• _TASK TO COMPLETE_: Begin at the line containing "line L42 (114.3197, -21.9943)" in the entries below and end at the line containing "(0, -29.9, 0)"; transcribe that range exactly and nothing outside it.
[DATA TO PROCESS Boundary: Start]
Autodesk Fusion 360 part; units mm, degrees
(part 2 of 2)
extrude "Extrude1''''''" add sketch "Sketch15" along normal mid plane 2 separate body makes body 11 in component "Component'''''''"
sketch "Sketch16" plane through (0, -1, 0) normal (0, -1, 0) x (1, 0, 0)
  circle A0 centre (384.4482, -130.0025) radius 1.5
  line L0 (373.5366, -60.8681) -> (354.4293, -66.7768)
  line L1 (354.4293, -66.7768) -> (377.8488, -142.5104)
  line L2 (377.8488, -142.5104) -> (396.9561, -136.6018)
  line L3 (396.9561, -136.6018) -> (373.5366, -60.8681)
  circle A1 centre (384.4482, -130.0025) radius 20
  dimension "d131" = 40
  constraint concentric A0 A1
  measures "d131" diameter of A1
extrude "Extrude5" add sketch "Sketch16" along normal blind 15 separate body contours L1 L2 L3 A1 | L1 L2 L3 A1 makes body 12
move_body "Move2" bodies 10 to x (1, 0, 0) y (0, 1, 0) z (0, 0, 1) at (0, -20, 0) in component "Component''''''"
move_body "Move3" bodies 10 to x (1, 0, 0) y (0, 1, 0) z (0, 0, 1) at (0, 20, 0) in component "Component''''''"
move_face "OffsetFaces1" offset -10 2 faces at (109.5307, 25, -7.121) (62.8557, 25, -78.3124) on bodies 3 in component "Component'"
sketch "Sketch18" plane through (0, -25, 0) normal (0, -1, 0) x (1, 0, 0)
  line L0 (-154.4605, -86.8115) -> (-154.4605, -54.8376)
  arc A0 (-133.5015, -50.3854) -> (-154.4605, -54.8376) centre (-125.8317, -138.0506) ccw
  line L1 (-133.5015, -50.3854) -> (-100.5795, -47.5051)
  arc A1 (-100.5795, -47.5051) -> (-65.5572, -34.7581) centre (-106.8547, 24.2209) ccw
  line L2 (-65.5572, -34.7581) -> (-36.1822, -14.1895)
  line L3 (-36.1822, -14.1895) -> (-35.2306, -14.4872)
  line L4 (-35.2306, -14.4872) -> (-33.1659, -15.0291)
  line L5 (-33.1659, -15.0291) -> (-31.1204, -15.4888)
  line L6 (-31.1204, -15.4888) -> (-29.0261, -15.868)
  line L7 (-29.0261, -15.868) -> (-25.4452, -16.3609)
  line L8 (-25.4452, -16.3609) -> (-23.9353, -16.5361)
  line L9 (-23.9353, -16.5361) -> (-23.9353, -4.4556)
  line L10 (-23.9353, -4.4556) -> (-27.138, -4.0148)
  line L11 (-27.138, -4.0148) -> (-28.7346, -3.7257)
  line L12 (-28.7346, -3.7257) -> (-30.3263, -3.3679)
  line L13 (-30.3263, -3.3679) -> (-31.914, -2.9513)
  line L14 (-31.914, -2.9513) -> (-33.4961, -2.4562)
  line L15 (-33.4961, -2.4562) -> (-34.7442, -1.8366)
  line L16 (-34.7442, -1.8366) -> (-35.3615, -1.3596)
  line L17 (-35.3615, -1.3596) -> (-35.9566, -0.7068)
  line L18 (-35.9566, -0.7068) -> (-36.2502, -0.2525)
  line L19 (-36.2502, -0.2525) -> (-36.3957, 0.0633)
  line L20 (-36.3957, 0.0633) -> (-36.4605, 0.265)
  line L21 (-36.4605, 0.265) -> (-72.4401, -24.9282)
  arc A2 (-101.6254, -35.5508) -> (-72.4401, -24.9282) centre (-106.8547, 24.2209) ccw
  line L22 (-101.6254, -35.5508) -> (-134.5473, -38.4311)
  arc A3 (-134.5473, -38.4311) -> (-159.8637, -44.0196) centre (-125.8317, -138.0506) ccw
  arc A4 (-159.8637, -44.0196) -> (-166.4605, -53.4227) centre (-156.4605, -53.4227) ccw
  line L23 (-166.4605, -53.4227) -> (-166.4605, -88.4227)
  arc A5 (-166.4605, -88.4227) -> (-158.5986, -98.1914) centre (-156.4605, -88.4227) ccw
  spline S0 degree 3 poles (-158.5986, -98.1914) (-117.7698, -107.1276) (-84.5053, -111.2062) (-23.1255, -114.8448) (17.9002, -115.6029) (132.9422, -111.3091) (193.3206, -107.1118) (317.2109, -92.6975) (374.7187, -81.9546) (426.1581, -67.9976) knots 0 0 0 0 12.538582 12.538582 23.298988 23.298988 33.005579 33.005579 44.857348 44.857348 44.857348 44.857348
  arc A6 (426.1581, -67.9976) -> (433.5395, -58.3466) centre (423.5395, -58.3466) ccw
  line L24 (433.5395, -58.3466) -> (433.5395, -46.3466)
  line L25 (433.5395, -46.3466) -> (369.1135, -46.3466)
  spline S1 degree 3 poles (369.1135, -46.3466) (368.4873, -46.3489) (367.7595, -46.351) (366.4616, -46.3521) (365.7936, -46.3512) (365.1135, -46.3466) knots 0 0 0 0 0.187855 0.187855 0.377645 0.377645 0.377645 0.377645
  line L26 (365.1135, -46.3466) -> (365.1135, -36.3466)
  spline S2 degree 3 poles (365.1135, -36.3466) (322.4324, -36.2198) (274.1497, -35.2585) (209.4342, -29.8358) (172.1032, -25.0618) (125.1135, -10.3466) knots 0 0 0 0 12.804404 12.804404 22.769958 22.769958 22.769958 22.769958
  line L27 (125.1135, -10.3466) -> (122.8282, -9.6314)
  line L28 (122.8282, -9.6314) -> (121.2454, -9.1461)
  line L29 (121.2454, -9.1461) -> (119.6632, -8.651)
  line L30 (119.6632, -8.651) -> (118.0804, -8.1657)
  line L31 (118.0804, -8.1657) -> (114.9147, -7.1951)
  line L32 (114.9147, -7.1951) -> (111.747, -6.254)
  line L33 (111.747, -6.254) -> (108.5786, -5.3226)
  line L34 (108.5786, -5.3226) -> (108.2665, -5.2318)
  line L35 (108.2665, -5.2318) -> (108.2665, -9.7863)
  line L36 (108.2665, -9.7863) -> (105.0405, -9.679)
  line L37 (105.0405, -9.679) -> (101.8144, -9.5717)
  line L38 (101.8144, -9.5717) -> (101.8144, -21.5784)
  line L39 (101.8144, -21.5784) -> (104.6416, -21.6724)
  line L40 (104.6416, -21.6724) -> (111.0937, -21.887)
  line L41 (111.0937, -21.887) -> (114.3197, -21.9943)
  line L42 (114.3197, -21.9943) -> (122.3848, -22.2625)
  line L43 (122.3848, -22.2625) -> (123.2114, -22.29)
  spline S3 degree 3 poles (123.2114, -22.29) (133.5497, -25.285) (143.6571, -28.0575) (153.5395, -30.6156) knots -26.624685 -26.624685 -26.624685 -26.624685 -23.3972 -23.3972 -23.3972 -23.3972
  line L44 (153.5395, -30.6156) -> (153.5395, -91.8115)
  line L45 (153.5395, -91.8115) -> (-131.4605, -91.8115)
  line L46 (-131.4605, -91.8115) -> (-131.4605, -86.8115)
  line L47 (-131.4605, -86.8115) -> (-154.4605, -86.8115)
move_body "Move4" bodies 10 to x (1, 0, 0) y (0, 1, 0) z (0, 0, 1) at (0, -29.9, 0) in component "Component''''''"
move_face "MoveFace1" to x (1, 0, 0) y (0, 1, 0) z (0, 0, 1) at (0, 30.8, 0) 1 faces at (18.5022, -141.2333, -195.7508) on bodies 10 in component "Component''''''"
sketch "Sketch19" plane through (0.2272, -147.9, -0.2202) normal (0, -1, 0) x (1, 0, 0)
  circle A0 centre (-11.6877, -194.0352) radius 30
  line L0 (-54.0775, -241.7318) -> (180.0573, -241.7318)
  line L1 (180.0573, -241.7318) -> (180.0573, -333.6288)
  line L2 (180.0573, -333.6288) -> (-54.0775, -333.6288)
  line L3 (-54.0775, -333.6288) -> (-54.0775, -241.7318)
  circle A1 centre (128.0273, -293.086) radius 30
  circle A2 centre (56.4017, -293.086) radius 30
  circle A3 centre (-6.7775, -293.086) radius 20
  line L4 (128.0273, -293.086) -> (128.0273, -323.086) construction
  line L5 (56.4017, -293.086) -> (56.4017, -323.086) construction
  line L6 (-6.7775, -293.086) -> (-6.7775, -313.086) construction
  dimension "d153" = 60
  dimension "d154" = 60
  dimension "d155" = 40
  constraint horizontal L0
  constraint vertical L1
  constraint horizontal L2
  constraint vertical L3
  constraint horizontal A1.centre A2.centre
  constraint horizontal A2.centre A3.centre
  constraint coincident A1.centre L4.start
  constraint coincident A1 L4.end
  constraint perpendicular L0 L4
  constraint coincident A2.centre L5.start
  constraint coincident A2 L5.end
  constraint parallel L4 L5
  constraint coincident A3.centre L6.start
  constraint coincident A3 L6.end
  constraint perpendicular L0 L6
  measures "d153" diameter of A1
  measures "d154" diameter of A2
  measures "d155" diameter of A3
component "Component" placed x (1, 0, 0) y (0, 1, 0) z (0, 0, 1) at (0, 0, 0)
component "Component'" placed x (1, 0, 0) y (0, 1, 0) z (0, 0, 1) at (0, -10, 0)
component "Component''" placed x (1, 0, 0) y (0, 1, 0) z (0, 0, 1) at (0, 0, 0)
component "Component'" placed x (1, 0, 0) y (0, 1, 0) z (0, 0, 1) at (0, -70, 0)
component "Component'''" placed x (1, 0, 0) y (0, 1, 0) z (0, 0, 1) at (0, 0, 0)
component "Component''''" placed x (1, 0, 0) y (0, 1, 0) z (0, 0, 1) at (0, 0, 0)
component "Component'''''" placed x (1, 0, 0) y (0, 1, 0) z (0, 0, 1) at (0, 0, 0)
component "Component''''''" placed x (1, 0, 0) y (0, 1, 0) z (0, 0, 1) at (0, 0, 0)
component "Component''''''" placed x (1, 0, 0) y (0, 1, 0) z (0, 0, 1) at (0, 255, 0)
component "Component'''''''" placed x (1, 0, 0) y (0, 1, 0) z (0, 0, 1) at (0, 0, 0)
[DATA TO PROCESS Boundary: End]
• _TASK RESULT_:
  line L42 (114.3197, -21.9943) -> (122.3848, -22.2625)
  line L43 (122.3848, -22.2625) -> (123.2114, -22.29)
  spline S3 degree 3 poles (123.2114, -22.29) (133.5497, -25.285) (143.6571, -28.0575) (153.5395, -30.6156) knots -26.624685 -26.624685 -26.624685 -26.624685 -23.3972 -23.3972 -23.3972 -23.3972
  line L44 (153.5395, -30.6156) -> (153.5395, -91.8115)
  line L45 (153.5395, -91.8115) -> (-131.4605, -91.8115)
  line L46 (-131.4605, -91.8115) -> (-131.4605, -86.8115)
  line L47 (-131.4605, -86.8115) -> (-154.4605, -86.8115)
move_body "Move4" bodies 10 to x (1, 0, 0) y (0, 1, 0) z (0, 0, 1) at (0, -29.9, 0) in component "Component''''''"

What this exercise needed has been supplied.